> TASK ITEM: What is the number of lines in the data that hold the string "units"? Reply with that number only.

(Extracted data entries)
-----

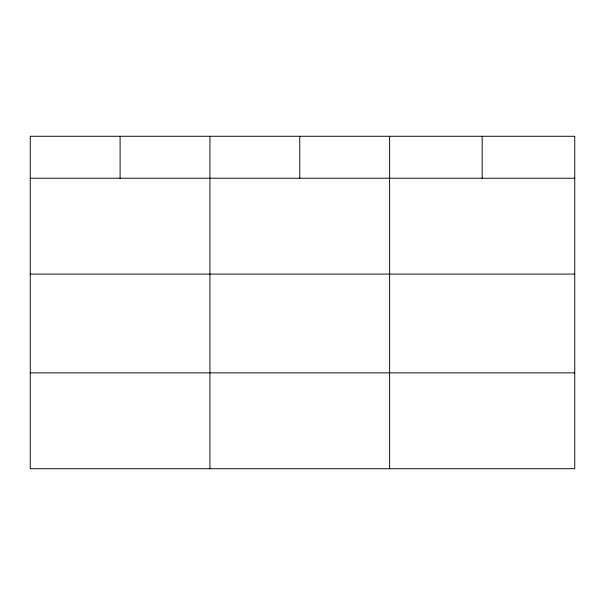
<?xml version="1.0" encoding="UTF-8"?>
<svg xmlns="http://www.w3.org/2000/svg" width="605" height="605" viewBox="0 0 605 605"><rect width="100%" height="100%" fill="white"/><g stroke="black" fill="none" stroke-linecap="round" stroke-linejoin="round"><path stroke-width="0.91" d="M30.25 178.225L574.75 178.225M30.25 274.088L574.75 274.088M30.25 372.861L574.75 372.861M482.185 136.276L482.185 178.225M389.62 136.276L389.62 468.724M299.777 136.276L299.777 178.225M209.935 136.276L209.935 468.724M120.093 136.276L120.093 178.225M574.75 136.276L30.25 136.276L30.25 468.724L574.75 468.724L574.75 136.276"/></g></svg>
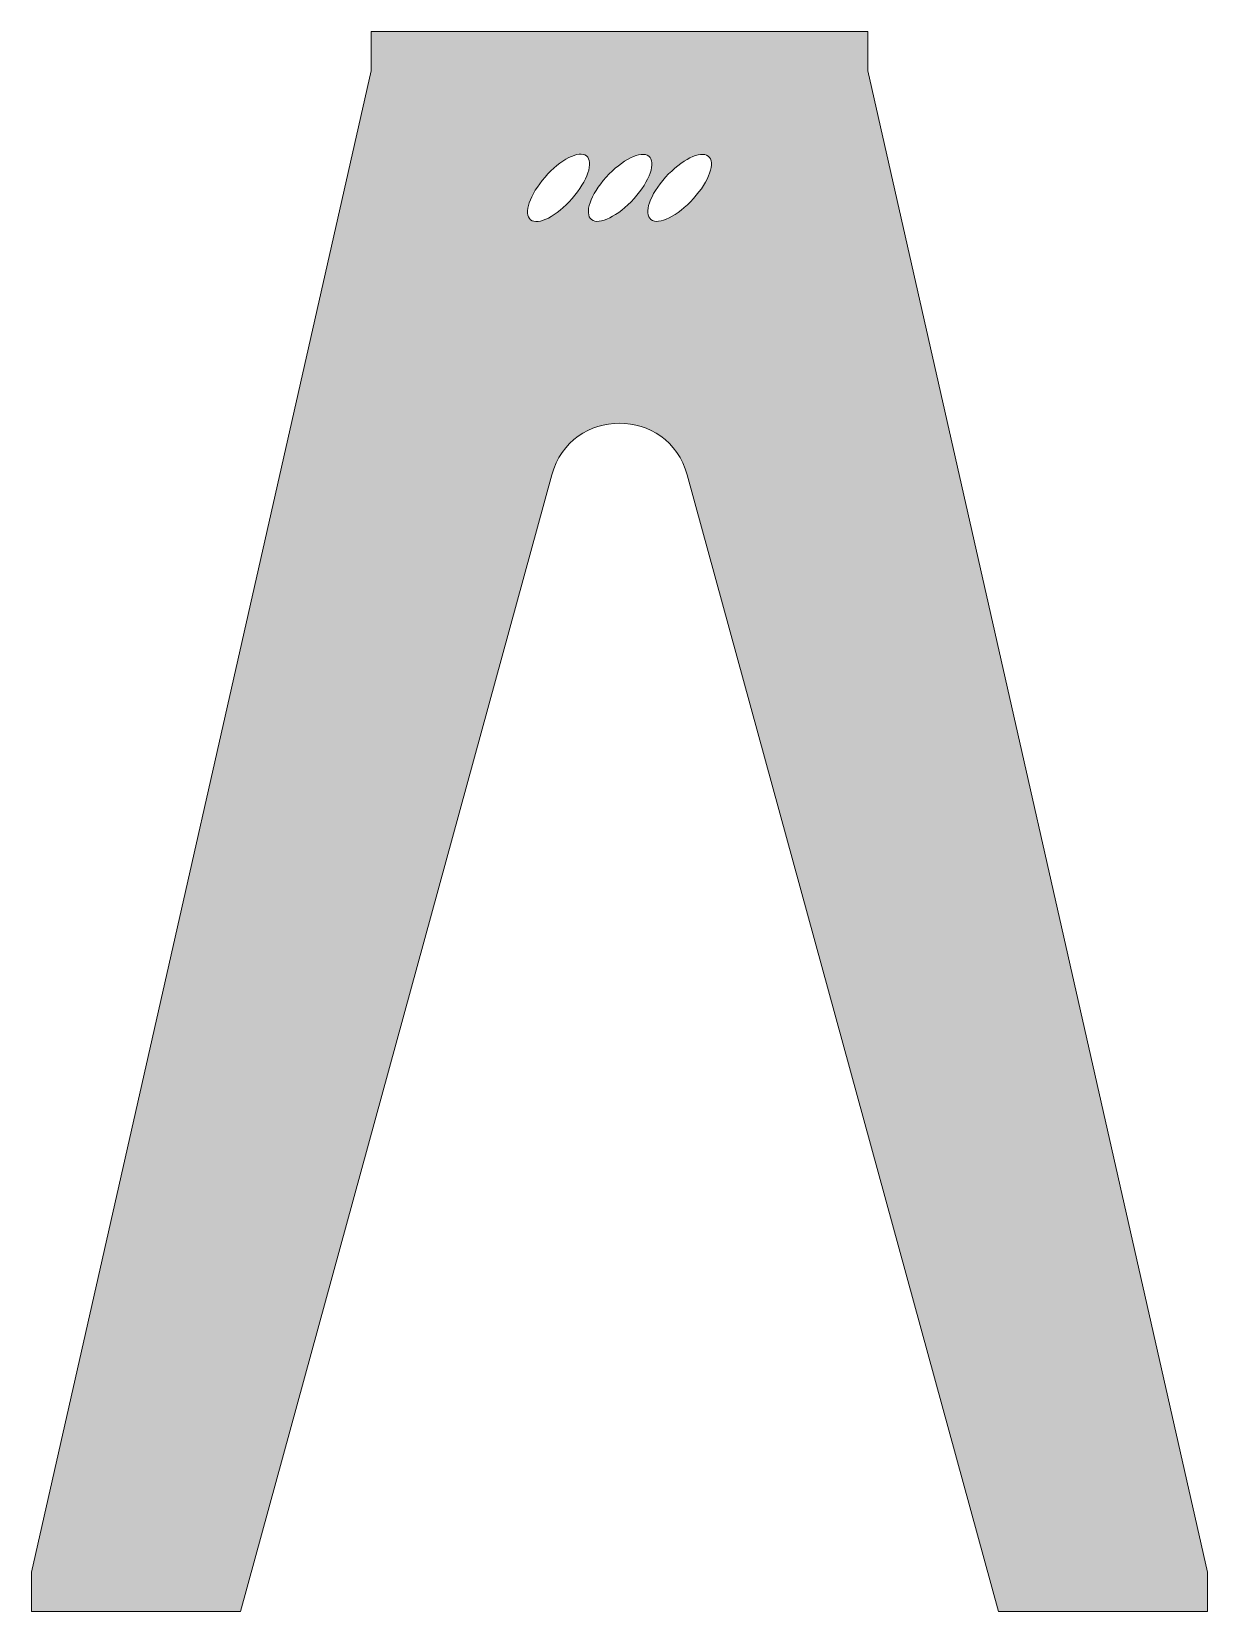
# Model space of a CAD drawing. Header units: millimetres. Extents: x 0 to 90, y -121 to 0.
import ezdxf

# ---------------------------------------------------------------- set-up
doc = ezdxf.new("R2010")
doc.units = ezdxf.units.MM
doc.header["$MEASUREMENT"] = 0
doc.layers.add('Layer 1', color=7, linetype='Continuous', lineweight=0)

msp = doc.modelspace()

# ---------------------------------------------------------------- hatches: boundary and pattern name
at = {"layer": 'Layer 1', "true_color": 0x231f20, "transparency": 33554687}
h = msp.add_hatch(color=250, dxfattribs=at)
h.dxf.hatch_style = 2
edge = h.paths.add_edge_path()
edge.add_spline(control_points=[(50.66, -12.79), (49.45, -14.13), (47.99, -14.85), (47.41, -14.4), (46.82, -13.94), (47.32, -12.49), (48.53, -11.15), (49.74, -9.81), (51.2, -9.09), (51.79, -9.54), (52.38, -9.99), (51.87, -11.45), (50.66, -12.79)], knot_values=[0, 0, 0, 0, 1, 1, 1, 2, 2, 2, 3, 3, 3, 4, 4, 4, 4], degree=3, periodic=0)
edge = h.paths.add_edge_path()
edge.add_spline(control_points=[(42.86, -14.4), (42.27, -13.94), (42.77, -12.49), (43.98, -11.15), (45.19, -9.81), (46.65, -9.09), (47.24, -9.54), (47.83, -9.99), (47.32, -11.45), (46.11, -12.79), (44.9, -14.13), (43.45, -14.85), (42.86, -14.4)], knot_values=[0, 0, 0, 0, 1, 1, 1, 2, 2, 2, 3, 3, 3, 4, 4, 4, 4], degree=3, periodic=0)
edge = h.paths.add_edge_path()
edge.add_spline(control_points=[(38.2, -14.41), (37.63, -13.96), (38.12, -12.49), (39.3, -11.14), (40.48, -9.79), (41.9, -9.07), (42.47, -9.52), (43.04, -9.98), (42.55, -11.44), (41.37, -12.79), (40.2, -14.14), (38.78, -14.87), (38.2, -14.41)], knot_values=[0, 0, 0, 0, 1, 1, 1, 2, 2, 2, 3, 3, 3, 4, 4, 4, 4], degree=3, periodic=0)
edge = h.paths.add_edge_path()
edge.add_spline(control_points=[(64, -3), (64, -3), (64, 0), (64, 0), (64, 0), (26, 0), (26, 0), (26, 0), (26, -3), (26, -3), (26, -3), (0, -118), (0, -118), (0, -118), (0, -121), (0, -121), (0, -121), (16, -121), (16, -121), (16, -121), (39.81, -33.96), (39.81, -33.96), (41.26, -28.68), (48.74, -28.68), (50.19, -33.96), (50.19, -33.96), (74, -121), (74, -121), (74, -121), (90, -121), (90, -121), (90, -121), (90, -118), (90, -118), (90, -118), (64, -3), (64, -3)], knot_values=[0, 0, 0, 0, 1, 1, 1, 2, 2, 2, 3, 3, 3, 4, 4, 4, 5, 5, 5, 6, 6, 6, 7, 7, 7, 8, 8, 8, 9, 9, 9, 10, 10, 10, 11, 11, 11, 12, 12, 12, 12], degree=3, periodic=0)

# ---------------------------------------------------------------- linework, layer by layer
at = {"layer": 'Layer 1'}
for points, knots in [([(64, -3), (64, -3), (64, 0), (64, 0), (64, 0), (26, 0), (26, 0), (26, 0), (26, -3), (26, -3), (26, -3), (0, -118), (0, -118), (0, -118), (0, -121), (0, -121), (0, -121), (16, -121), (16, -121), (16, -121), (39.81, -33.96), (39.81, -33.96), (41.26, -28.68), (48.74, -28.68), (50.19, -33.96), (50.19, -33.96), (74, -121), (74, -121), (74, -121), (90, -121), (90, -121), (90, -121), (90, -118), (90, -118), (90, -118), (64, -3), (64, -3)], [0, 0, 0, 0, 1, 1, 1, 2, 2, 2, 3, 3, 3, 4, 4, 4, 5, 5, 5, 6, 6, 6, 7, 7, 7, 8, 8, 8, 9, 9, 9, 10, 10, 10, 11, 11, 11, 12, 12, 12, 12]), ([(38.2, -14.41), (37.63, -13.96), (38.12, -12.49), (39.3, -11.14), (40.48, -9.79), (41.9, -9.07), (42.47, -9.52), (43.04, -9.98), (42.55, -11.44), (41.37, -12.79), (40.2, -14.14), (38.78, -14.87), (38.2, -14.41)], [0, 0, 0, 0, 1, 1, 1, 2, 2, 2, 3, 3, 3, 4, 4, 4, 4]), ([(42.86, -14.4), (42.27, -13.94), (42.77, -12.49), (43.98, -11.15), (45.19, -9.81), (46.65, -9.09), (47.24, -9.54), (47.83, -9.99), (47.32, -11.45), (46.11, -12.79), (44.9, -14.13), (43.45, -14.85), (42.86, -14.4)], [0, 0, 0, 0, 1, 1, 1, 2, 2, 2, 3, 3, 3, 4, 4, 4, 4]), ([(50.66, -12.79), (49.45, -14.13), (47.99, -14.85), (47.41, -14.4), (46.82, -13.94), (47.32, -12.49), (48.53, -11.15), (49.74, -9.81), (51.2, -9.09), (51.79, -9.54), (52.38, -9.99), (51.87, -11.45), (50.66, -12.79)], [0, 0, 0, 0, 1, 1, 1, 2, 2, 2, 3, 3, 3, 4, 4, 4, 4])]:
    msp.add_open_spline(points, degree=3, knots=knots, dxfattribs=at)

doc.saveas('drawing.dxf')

-----

> ANSWER BELOW: 2